§ **RECORDS PROVIDED**
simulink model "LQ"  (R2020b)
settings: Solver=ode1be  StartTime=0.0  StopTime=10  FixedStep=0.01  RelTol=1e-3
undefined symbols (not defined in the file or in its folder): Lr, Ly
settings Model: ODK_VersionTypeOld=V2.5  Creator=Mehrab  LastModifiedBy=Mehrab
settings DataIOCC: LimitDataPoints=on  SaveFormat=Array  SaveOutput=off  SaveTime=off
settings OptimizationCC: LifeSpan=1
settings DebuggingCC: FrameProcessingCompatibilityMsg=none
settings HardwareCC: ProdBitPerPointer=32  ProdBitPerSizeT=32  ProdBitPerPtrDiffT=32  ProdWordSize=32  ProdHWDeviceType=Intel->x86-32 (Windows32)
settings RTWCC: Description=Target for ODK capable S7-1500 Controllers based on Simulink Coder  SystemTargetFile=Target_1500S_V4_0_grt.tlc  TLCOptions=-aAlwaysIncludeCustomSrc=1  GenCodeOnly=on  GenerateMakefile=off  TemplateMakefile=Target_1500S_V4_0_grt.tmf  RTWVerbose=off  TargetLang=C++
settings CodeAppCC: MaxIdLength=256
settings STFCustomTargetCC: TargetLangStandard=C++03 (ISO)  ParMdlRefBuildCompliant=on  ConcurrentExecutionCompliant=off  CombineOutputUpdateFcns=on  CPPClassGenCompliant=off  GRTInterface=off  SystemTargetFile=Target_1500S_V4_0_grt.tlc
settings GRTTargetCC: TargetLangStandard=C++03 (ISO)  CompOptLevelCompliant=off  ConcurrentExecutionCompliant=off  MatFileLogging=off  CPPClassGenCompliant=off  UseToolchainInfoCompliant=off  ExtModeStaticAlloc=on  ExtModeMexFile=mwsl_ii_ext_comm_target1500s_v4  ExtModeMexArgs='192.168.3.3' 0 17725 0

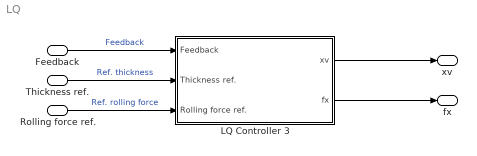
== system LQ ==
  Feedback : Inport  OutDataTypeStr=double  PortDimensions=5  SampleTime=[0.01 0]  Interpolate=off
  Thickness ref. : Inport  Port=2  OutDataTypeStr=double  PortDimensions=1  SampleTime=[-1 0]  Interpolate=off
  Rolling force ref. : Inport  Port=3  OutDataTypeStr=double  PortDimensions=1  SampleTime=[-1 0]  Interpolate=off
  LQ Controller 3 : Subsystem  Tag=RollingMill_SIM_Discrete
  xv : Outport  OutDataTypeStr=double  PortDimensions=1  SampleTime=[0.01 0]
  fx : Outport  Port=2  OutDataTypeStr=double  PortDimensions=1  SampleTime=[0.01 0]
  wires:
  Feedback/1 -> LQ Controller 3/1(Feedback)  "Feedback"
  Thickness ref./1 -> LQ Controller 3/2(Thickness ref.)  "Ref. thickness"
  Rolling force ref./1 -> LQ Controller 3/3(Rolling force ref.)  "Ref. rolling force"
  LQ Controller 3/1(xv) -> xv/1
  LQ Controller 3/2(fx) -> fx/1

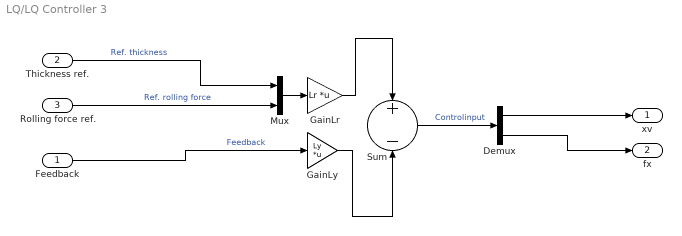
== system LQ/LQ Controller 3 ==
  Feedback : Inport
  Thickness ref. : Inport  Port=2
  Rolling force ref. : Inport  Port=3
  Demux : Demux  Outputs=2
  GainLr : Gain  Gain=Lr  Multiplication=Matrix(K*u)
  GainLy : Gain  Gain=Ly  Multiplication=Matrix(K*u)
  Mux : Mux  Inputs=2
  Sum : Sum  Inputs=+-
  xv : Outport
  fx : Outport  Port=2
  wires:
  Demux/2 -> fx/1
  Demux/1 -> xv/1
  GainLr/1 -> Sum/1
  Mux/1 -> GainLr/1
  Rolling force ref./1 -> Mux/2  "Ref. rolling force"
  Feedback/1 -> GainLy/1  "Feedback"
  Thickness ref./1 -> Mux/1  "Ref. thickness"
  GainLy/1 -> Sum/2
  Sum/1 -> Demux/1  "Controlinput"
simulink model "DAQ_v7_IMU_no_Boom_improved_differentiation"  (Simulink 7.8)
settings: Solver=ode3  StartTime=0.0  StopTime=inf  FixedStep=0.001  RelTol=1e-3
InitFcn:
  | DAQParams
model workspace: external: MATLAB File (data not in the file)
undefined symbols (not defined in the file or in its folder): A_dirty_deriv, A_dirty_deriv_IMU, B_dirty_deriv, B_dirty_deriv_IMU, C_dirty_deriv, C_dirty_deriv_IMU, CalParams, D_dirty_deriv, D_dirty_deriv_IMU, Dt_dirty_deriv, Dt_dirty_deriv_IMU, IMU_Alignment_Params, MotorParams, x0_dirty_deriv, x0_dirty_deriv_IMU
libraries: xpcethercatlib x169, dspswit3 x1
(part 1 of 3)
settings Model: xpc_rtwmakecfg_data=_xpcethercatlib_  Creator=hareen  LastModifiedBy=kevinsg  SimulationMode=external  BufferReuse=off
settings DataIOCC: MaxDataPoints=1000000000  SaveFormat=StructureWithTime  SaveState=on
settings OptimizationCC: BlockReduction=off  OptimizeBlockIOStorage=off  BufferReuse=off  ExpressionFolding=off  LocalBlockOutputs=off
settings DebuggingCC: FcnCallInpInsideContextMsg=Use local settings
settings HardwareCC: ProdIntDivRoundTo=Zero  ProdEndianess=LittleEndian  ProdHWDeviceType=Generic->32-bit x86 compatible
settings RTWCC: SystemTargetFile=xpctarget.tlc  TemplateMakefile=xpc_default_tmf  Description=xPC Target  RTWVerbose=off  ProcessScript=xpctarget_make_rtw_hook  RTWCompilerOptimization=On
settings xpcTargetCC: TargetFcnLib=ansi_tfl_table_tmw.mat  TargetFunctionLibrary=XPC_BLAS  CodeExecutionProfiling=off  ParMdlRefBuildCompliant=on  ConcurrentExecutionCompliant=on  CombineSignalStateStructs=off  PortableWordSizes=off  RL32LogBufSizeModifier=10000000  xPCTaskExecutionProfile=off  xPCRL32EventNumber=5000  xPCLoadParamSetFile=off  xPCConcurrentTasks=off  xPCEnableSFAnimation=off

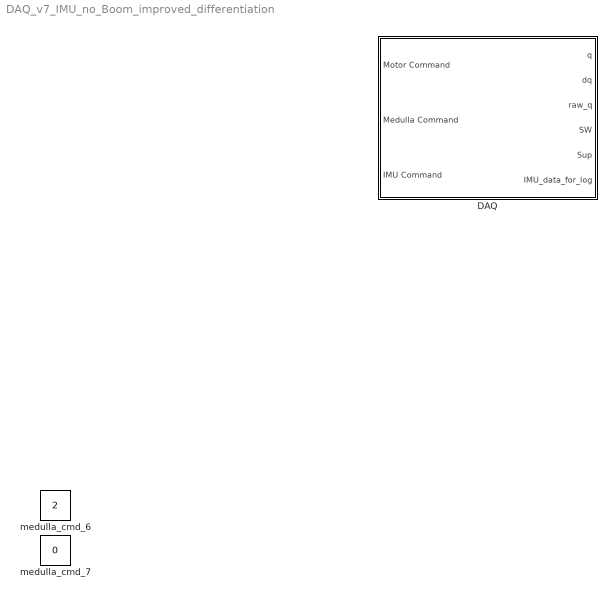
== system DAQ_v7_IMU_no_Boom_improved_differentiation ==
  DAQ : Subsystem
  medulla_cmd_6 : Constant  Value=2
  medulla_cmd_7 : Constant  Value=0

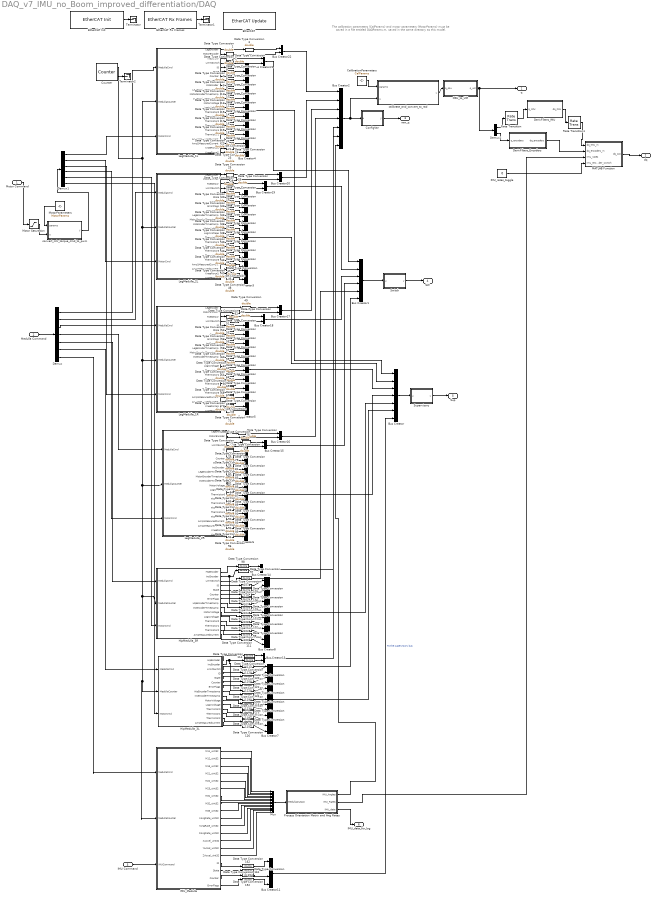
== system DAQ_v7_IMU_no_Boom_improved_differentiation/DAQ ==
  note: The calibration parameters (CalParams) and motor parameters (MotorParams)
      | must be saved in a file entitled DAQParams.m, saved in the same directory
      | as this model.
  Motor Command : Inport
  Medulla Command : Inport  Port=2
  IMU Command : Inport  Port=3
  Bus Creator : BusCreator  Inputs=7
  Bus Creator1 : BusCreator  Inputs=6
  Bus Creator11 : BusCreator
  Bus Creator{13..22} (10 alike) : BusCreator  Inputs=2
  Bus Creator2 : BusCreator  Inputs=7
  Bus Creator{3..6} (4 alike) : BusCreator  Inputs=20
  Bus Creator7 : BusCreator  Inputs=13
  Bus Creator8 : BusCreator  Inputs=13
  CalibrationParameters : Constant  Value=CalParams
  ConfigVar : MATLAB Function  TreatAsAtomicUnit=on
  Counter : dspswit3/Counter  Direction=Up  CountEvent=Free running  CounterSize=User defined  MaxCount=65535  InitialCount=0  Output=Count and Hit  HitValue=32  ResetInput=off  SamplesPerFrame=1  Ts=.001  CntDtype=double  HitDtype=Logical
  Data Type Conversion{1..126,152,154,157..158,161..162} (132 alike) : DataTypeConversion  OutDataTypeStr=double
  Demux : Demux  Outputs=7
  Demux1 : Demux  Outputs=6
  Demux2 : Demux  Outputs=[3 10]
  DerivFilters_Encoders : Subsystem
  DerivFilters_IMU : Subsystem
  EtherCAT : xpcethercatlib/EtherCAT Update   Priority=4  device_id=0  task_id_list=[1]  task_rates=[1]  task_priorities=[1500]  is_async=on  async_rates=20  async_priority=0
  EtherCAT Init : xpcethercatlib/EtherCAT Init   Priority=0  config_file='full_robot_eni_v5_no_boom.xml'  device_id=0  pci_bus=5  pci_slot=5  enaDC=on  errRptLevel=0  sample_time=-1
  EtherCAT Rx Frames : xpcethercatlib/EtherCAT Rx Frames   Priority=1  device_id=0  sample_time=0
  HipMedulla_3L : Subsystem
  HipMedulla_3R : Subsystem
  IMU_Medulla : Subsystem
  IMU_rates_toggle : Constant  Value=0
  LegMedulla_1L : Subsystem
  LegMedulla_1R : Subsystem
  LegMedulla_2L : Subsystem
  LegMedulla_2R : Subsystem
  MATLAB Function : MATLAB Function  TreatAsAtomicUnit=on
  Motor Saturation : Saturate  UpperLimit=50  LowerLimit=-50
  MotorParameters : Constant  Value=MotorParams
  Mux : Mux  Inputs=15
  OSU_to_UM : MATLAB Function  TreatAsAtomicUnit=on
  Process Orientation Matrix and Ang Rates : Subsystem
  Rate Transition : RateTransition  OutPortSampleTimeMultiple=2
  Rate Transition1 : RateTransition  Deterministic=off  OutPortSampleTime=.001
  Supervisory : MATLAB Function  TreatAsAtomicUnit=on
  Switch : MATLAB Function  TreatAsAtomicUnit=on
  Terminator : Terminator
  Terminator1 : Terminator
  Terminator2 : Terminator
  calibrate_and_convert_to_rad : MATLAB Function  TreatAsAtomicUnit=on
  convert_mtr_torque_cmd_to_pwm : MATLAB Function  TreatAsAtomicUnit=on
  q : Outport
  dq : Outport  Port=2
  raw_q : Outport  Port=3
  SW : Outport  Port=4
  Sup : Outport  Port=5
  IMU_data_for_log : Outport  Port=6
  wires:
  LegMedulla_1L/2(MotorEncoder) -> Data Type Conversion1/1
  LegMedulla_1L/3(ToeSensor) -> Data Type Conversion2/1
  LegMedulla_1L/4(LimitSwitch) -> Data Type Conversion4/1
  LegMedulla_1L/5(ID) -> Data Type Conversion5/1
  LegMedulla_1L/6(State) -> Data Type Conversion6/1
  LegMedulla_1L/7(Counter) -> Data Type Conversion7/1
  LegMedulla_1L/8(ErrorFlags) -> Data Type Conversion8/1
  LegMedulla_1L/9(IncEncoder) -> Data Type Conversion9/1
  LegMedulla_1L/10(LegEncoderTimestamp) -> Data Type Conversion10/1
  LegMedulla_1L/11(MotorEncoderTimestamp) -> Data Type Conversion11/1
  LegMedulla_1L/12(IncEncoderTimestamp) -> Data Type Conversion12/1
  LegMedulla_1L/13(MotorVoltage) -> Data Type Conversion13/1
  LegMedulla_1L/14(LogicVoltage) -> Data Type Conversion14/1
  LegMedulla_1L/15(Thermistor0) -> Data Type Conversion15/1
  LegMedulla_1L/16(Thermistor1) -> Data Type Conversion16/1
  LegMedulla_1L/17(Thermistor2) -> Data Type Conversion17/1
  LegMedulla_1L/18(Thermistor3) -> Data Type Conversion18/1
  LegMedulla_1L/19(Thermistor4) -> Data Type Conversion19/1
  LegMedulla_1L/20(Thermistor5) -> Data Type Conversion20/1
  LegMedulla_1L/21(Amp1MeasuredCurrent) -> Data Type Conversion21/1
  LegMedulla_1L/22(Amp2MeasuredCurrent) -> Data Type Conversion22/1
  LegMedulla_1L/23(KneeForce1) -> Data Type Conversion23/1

§ **TASK TO CARRY OUT**
Print, exactly, each line above from the one with "Feedback/1 -> LQ" to the one with "Demux/1 -> xv/1", end lines included. Leave pictures out of it.

§ **EXERCISE ANSWER**
  Feedback/1 -> LQ Controller 3/1(Feedback)  "Feedback"
  Thickness ref./1 -> LQ Controller 3/2(Thickness ref.)  "Ref. thickness"
  Rolling force ref./1 -> LQ Controller 3/3(Rolling force ref.)  "Ref. rolling force"
  LQ Controller 3/1(xv) -> xv/1
  LQ Controller 3/2(fx) -> fx/1

== system LQ/LQ Controller 3 ==
  Feedback : Inport
  Thickness ref. : Inport  Port=2
  Rolling force ref. : Inport  Port=3
  Demux : Demux  Outputs=2
  GainLr : Gain  Gain=Lr  Multiplication=Matrix(K*u)
  GainLy : Gain  Gain=Ly  Multiplication=Matrix(K*u)
  Mux : Mux  Inputs=2
  Sum : Sum  Inputs=+-
  xv : Outport
  fx : Outport  Port=2
  wires:
  Demux/2 -> fx/1
  Demux/1 -> xv/1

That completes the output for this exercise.